** Work item **
The "#12453 = CARTESIAN_POINT" line through the end of the listing below is what to set down, word for word, and nothing else.

*** Excerpted records Section Begins ***

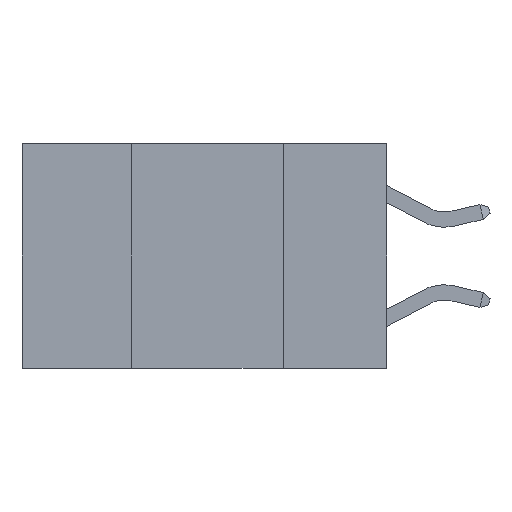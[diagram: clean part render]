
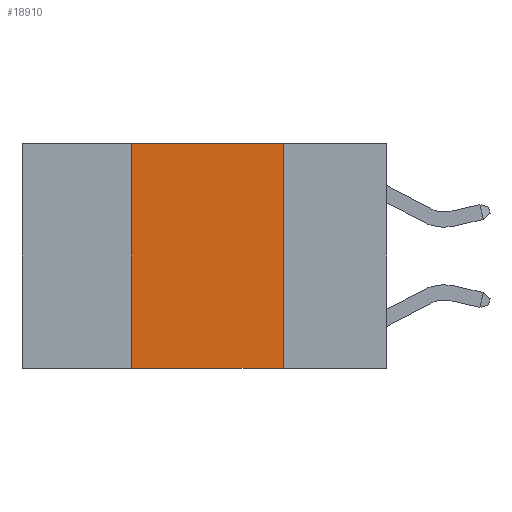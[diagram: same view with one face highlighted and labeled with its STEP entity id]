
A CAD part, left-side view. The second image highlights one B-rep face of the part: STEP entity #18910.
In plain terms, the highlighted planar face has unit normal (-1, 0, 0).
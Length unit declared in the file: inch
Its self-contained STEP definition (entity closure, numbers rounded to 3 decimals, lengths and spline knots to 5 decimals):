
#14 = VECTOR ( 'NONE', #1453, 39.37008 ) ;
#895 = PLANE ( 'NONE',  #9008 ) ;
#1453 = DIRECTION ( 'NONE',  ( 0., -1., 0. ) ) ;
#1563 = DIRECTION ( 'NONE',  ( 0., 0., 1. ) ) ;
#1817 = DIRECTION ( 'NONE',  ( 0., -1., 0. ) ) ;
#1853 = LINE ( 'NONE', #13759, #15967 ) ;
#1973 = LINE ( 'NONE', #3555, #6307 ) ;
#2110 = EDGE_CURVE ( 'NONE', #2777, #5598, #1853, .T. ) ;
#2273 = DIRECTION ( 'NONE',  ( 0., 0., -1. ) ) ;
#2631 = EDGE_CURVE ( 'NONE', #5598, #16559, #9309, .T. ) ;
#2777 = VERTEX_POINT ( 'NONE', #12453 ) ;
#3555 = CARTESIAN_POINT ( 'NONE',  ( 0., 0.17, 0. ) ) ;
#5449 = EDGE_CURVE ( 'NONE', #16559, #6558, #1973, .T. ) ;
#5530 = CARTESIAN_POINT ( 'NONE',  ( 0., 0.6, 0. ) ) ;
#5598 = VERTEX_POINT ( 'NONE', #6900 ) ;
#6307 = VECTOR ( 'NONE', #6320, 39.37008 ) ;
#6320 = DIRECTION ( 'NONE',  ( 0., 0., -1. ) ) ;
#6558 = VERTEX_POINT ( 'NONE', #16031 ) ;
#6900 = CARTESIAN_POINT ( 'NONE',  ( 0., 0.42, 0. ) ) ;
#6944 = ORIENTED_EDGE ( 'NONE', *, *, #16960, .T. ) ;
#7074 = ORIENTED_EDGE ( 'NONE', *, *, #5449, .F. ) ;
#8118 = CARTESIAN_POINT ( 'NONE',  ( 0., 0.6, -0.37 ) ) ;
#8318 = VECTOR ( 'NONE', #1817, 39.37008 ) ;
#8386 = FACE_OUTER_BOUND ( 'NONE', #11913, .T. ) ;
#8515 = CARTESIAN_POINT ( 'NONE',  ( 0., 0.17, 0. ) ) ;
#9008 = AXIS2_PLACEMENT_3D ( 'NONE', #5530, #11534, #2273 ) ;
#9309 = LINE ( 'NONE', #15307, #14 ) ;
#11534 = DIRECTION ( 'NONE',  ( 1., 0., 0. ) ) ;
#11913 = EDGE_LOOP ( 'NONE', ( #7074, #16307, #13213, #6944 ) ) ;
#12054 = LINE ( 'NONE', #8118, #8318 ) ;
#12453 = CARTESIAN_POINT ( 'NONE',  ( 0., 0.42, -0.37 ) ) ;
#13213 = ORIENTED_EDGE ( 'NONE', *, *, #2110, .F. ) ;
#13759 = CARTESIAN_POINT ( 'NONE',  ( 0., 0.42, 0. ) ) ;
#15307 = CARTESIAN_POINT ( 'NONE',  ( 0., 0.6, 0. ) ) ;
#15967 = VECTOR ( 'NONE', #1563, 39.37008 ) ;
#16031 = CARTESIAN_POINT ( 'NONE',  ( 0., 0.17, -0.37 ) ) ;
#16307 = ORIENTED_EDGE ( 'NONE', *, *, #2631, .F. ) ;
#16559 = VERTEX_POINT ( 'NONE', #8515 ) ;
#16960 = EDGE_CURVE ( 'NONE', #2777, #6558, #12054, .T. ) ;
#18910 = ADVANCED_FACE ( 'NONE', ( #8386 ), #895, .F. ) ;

*** Excerpted records Section Ends ***

** Finished task **
#12453 = CARTESIAN_POINT ( 'NONE',  ( 0., 0.42, -0.37 ) ) ;
#13213 = ORIENTED_EDGE ( 'NONE', *, *, #2110, .F. ) ;
#13759 = CARTESIAN_POINT ( 'NONE',  ( 0., 0.42, 0. ) ) ;
#15307 = CARTESIAN_POINT ( 'NONE',  ( 0., 0.6, 0. ) ) ;
#15967 = VECTOR ( 'NONE', #1563, 39.37008 ) ;
#16031 = CARTESIAN_POINT ( 'NONE',  ( 0., 0.17, -0.37 ) ) ;
#16307 = ORIENTED_EDGE ( 'NONE', *, *, #2631, .F. ) ;
#16559 = VERTEX_POINT ( 'NONE', #8515 ) ;
#16960 = EDGE_CURVE ( 'NONE', #2777, #6558, #12054, .T. ) ;
#18910 = ADVANCED_FACE ( 'NONE', ( #8386 ), #895, .F. ) ;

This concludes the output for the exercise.